> [Try it]
Write only how many lines in this data include "distribution".

Records from a dataset:
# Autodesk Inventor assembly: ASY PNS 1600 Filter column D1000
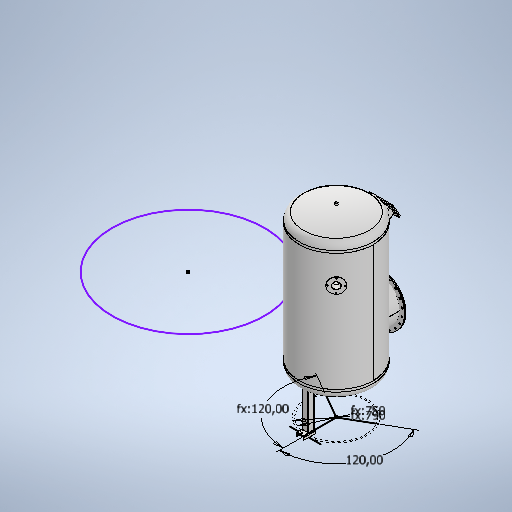
[picture p0: Inventor's stored thumbnail of the model, 512x512]
Saved by Autodesk Inventor 2025.3 (Build 293356030, 356C)
## iProperties
Created: 2025-02-13
Part Number: ASY PNS 1600 Filter column D1000
Document SubType Name: Assembly
Designer: pokla
Mass: 294380 g
Surface Area: 201489 cm^2
Volume: 65316.1 cm^3
Density: 4.50701 g/cm^3
allow_slope_adjustment: 0 ul
flow_configuration2: 1 ul
flow_direction: 2 ul
loss_method: 0 ul
radius: 45,500 mm
radius: 16,750 mm
Author: pokla
Revision Number: 3
## iProperties of the stored document MemberDocs/xS3xdvqv2Fs4urkfuOqhnp5u1Be
allow_slope_adjustment: 0 ul
flow_configuration2: 1 ul
flow_direction: 2 ul
loss_method: 0 ul
radius: 45,500 mm
Created: 2025-02-13
Part Number: ASY PNS 1600 Filter column D1000
Document SubType Name: Assembly
Designer: pokla
Mass: 294380 g
Surface Area: 201489 cm^2
Volume: 65316.1 cm^3
Density: 4.50701 g/cm^3
radius: 16,750 mm
Author: pokla
Revision Number: 3
## iProperties of the stored document MemberDocs/xVvj5wjhiIso5nm03Gzgds4hn2d
Created: 2025-02-13
Part Number: ASY PNS 1600 Filter column D1000
Document SubType Name: Assembly
Designer: pokla
Mass: 294380 g
Surface Area: 201489 cm^2
Volume: 65316.1 cm^3
Density: 4.50701 g/cm^3
allow_slope_adjustment: 0 ul
flow_configuration2: 1 ul
flow_direction: 2 ul
loss_method: 0 ul
radius: 45,500 mm
radius: 16,750 mm
Author: pokla
Revision Number: 3
## Documents named in this file (25)
- C:\Users\admin\Documents\Inventor\SLM-Salemal\ASY SLM 1600 Filter column D940.iam
- C:\Users\admin\Documents\Inventor\SLM-Salemal\PNS-612 accses hatch flangeipt.ipt
- C:\Users\admin\Documents\Inventor\SLM-Salemal\PNS-611 accses hatch tube.ipt
- C:\Users\admin\Documents\Inventor\SLM-Salemal\PNS 1602 main Shell D1000.ipt
- C:\Users\admin\Documents\Inventor\SLM-Salemal\PNS 1604 dished head D1000.ipt
- C:\Users\admin\Documents\Inventor\SLM-Salemal\Fitting G1.ipt
- C:\Users\admin\Documents\Inventor\SLM-Salemal\ASY PNS 1690 Filter legs D1000.iam
- C:\Users\admin\Documents\Inventor\SLM-Salemal\PNS 1633 charging blind flange.ipt
- C:\Users\admin\Documents\Inventor\SLM-Salemal\ASY PNS 1610 charging hatch.iam
- C:\Users\admin\Documents\Inventor\SLM-Salemal\cc\JIS B 2312 90 Deg Long Elbow Steel 80A x Sch 40.ipt
- C:\Users\admin\Documents\Inventor\SLM-Salemal\ASY PNS 1650 filter-distribution-system 1000.iam
- C:\Users\admin\Documents\Inventor\SLM-Salemal\PNS 1612 FDS tube 2.ipt
- C:\Users\admin\Documents\Inventor\SLM-Salemal\PNS 1606 charging flange round.ipt
- C:\Users\admin\Documents\Inventor\SLM-Salemal\PNS 1613 FDS tube 3.ipt
- C:\Users\admin\Documents\Inventor\SLM-Salemal\PNS 1614 FDS tube 4.ipt
- C:\Users\admin\Documents\Inventor\SLM-Salemal\PNS 1615 FDS tube 5.ipt
- C:\Users\admin\Documents\Inventor\SLM-Salemal\ASY PNS 179 top funnel 1200 50-90_1000x90.iam
- C:\Users\admin\Documents\Inventor\SLM-Salemal\pallet jack dummy.ipt
- C:\Users\admin\Documents\Inventor\SLM-Salemal\SLM 1431 FDS flange DN90.ipt
- C:\Users\admin\Documents\Inventor\SLM-Salemal\SLM 1432 FDS free flange DN90.ipt
- C:\Users\admin\Documents\Inventor\SLM-Salemal\SLM 1671 charging tube 1.ipt
- C:\Users\admin\Documents\Inventor\SLM-Salemal\SLM 1672 charging tube 2.ipt
- C:\Users\admin\Documents\Inventor\SLM-Salemal\PNS 1607 charging flange rect.ipt
- C:\Users\admin\Documents\Inventor\SLM-Salemal\PNS 9110 main Shell D 940.ipt
- C:\Users\admin\Documents\Inventor\SLM-Salemal\SLM 1601 DIM Filter column D940.ipt
## Components (28 placed, 24 different names)
1. PNS 1602 main Shell D1000.ipt:1 — Rigid:10, Rigid:13, Rigid:14, Mate:1, Mate:2, Rigid:74, Rigid:80
2. Fitting G1.ipt:1 — Rigid:15
3. PNS 1633 charging blind flange.ipt:2 — Rigid:67
4. ASY PNS 1650 filter-distribution-system 1000.iam:1 [sub-assembly] — Rotational:75
5. ASY PNS 179 top funnel 1200 50-90_1000x90:1 [sub-assembly] — Rotational:72
6. pallet jack dummy:1
7. PNS 1633 charging blind flange:5 — Rigid:77
8. PNS 1633 charging blind flange:6 — Rigid:78, Rotational:72
9. PNS 1604 dished head D1000.ipt:1 — Rigid:13, Rigid:75
10. Fitting G1.ipt:2
11. JIS B 2312 90 Deg Long Elbow Steel 80A x Sch 40.ipt:1 — Rigid:68, Rigid:79
12. PNS 1613 FDS tube 3:1 — Rigid:67, Rigid:68
13. PNS 1614 FDS tube 4:1 — Rigid:79, Rigid:75, Rotational:71, Rotational:75
14. SLM 1431 FDS flange DN90:1 — Rigid:76
15. SLM 1432 FDS free flange DN90:1 — Rotational:71, Rigid:76
16. PNS-611 accses hatch tube.ipt:1 — Rigid:10, Rotational:74
17. PNS 1604 dished head D1000.ipt:2 — Rigid:14, Rigid:15, Mate:3
18. JIS B 2312 90 Deg Long Elbow Steel 80A x Sch 40.ipt:2 — Rigid:62, Rigid:73
19. PNS 1612 FDS tube 2:3 — Rigid:62, Rigid:78
20. PNS 1615 FDS tube 5:1 — Rigid:73, Rigid:74, Rigid:77
21. SLM 1672 charging tube 2:1 — Rigid:82, Rigid:84
22. SLM 1671 charging tube 1:1 — Rigid:80, Rigid:84
23. PNS 1606 charging flange round:1 — Rigid:82, Rigid:83
24. PNS 1607 charging flange rect:1 — Rigid:83
25. PNS-612 accses hatch flangeipt.ipt:1 — Rotational:73, Rotational:74
26. ASY PNS 1610 charging hatch.iam:1 [sub-assembly] — Rotational:73
27. ASY PNS 1690 Filter legs D1000.iam:1 [sub-assembly] — Flush:2, Mate:4, Mate:5
28. PNS 9110 main Shell D 940:1 — Mate:6, Mate:7
## Relationships (31: WeldJoint 18, Mate 7, RevoluteJoint 5, Flush 1)
- Rigid:10 [WeldJoint] (66 mm): PNS 1602 main Shell D1000.ipt:1 ↔ PNS-611 accses hatch tube.ipt:1
- Rigid:13 [WeldJoint]: PNS 1602 main Shell D1000.ipt:1 ↔ PNS 1604 dished head D1000.ipt:1
- Rigid:14 [WeldJoint]: PNS 1602 main Shell D1000.ipt:1 ↔ PNS 1604 dished head D1000.ipt:2
- Rigid:15 [WeldJoint]: Fitting G1.ipt:1 ↔ PNS 1604 dished head D1000.ipt:2
- Mate:1: PNS 1602 main Shell D1000.ipt:1
- Mate:2: PNS 1602 main Shell D1000.ipt:1
- Mate:3 (2350 mm): PNS 1604 dished head D1000.ipt:2
- Flush:2: ASY PNS 1690 Filter legs D1000.iam:1
- Rigid:62 [WeldJoint]: JIS B 2312 90 Deg Long Elbow Steel 80A x Sch 40.ipt:2 ↔ PNS 1612 FDS tube 2:3
- Rigid:67 [WeldJoint]: PNS 1633 charging blind flange.ipt:2 ↔ PNS 1613 FDS tube 3:1
- Rigid:68 [WeldJoint]: JIS B 2312 90 Deg Long Elbow Steel 80A x Sch 40.ipt:1 ↔ PNS 1613 FDS tube 3:1
- Rigid:79 [WeldJoint]: JIS B 2312 90 Deg Long Elbow Steel 80A x Sch 40.ipt:1 ↔ PNS 1614 FDS tube 4:1
- Rigid:73 [WeldJoint]: JIS B 2312 90 Deg Long Elbow Steel 80A x Sch 40.ipt:2 ↔ PNS 1615 FDS tube 5:1
- Rigid:74 [WeldJoint] (80 mm): PNS 1602 main Shell D1000.ipt:1 ↔ PNS 1615 FDS tube 5:1
- Rigid:75 [WeldJoint] (-50 mm): PNS 1604 dished head D1000.ipt:1 ↔ PNS 1614 FDS tube 4:1
- Rotational:71 [RevoluteJoint]: PNS 1614 FDS tube 4:1 ↔ SLM 1432 FDS free flange DN90:1
- Rigid:76 [WeldJoint]: SLM 1431 FDS flange DN90:1 ↔ SLM 1432 FDS free flange DN90:1
- Rigid:77 [WeldJoint]: PNS 1633 charging blind flange:5 ↔ PNS 1615 FDS tube 5:1
- Rigid:78 [WeldJoint]: PNS 1633 charging blind flange:6 ↔ PNS 1612 FDS tube 2:3
- Rotational:72 [RevoluteJoint]: ASY PNS 179 top funnel 1200 50-90_1000x90:1 ↔ PNS 1633 charging blind flange:6
- Rotational:73 [RevoluteJoint]: PNS-612 accses hatch flangeipt.ipt:1 ↔ ASY PNS 1610 charging hatch.iam:1
- Rotational:74 [RevoluteJoint]: PNS-611 accses hatch tube.ipt:1 ↔ PNS-612 accses hatch flangeipt.ipt:1
- Rotational:75 [RevoluteJoint]: ASY PNS 1650 filter-distribution-system 1000.iam:1 ↔ PNS 1614 FDS tube 4:1
- Rigid:80 [WeldJoint]: PNS 1602 main Shell D1000.ipt:1 ↔ SLM 1671 charging tube 1:1
- Rigid:82 [WeldJoint]: SLM 1672 charging tube 2:1 ↔ PNS 1606 charging flange round:1
- Rigid:83 [WeldJoint]: PNS 1606 charging flange round:1 ↔ PNS 1607 charging flange rect:1
- Rigid:84 [WeldJoint]: SLM 1672 charging tube 2:1 ↔ SLM 1671 charging tube 1:1
- Mate:4: ASY PNS 1690 Filter legs D1000.iam:1
- Mate:5: ASY PNS 1690 Filter legs D1000.iam:1
- Mate:6: PNS 9110 main Shell D 940:1
- Mate:7: PNS 9110 main Shell D 940:1

> [Answer for the task]
3